## What to do
Draw out every line with the word "Material" from the listing below.

## Extracted information
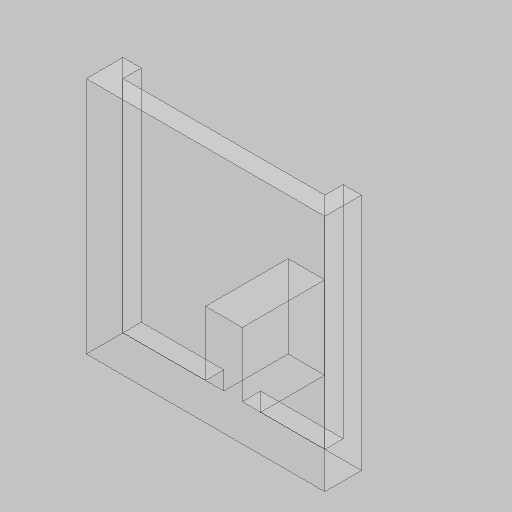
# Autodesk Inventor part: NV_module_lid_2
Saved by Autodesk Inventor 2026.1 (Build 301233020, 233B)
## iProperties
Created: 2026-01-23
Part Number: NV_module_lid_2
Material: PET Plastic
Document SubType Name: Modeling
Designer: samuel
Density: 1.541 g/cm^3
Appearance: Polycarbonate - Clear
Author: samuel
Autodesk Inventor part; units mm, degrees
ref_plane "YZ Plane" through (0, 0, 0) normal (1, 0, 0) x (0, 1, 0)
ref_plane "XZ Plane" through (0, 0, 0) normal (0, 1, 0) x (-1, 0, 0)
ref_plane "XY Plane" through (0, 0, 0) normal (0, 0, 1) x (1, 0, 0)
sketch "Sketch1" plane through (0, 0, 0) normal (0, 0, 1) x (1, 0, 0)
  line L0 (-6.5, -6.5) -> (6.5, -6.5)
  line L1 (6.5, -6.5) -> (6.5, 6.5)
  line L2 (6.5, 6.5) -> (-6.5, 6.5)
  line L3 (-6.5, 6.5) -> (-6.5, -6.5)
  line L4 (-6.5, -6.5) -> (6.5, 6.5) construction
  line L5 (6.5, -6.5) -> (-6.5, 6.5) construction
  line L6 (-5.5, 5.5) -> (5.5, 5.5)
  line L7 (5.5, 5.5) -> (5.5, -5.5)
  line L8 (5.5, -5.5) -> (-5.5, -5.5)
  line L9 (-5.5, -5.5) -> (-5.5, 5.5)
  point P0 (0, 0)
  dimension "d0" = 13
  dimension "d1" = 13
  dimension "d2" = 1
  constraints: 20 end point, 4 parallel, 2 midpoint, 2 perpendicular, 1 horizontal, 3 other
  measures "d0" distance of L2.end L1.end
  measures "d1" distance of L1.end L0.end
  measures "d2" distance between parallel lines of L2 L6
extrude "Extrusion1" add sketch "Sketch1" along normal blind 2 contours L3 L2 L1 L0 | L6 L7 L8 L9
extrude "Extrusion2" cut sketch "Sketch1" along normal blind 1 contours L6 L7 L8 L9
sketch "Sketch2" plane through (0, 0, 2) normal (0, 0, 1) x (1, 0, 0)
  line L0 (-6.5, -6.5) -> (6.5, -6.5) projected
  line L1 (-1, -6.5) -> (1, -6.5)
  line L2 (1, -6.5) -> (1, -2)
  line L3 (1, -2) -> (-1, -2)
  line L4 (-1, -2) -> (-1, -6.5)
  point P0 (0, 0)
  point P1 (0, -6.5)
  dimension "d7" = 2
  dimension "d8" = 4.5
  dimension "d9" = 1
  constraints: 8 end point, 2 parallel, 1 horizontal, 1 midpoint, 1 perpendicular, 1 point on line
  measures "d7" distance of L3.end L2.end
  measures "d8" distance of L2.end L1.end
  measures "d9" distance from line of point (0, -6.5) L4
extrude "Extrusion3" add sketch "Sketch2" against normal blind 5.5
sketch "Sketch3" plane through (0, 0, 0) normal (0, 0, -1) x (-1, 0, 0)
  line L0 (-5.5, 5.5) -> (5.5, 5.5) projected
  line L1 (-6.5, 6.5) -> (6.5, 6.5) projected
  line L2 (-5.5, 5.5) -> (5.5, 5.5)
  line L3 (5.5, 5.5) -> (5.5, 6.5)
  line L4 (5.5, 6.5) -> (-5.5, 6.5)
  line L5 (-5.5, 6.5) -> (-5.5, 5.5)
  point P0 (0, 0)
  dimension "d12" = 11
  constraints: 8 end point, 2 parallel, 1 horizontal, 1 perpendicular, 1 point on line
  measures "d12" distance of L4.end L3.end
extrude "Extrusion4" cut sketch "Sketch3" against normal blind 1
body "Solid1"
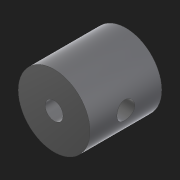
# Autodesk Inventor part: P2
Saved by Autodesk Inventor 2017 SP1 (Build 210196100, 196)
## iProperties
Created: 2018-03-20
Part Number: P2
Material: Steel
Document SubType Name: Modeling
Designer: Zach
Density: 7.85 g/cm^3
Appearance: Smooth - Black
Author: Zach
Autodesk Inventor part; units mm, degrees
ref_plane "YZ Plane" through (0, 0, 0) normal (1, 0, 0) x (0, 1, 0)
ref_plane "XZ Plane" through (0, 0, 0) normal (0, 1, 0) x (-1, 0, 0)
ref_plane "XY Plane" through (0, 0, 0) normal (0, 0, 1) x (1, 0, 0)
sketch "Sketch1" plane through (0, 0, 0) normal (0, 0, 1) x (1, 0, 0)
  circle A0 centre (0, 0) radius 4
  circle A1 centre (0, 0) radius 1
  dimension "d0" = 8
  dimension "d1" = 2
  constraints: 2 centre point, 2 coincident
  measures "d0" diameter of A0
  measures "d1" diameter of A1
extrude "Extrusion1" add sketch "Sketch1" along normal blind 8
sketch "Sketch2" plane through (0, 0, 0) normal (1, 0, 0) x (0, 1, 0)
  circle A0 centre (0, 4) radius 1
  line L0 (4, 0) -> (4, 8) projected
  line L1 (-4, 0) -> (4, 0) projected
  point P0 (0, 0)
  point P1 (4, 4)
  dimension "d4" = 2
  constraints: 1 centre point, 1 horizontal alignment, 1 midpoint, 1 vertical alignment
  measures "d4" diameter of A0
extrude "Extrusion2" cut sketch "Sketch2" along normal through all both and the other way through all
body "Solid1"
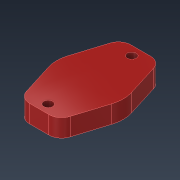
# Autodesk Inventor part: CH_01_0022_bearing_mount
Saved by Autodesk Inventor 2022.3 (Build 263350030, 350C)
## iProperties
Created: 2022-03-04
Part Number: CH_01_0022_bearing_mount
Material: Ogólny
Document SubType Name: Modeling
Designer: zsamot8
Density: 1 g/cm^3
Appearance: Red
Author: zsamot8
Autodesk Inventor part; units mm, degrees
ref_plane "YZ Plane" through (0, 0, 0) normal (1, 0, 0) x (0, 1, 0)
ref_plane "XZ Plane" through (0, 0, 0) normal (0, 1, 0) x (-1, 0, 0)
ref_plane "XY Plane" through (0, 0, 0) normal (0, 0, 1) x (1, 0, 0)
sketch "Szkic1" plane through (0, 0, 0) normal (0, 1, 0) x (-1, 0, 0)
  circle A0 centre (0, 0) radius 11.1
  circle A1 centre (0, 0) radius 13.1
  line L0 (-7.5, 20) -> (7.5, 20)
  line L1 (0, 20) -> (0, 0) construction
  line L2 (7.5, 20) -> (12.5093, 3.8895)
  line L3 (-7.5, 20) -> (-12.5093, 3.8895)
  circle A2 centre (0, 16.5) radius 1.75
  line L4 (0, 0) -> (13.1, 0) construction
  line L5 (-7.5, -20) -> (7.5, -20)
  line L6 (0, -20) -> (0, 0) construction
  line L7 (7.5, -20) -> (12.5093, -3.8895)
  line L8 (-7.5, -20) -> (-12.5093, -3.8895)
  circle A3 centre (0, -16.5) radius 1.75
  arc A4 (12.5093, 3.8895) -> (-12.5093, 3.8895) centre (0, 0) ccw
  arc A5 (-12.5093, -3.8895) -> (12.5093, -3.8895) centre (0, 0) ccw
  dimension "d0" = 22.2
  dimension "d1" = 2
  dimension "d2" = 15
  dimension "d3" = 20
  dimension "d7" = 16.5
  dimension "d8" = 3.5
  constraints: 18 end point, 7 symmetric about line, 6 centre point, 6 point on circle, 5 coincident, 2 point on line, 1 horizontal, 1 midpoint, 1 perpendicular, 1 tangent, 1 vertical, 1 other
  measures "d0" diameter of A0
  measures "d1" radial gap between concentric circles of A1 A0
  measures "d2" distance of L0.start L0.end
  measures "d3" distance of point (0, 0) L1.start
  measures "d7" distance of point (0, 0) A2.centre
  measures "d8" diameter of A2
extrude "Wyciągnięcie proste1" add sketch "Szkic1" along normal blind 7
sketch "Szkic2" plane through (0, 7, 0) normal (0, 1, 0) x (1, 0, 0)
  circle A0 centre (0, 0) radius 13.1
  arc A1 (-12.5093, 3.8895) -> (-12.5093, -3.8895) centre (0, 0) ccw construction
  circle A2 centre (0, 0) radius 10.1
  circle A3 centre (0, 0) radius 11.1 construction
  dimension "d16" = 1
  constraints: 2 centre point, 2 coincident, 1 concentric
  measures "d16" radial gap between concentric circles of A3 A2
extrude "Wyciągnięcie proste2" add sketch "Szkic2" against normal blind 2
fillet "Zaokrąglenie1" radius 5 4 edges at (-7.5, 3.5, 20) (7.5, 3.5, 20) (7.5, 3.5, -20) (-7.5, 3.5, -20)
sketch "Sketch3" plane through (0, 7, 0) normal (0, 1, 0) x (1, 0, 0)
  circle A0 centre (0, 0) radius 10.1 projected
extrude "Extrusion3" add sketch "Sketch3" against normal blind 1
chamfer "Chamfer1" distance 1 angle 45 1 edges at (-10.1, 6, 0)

## Answer to this exercise
Material: PET Plastic
Material: Steel
Material: Ogólny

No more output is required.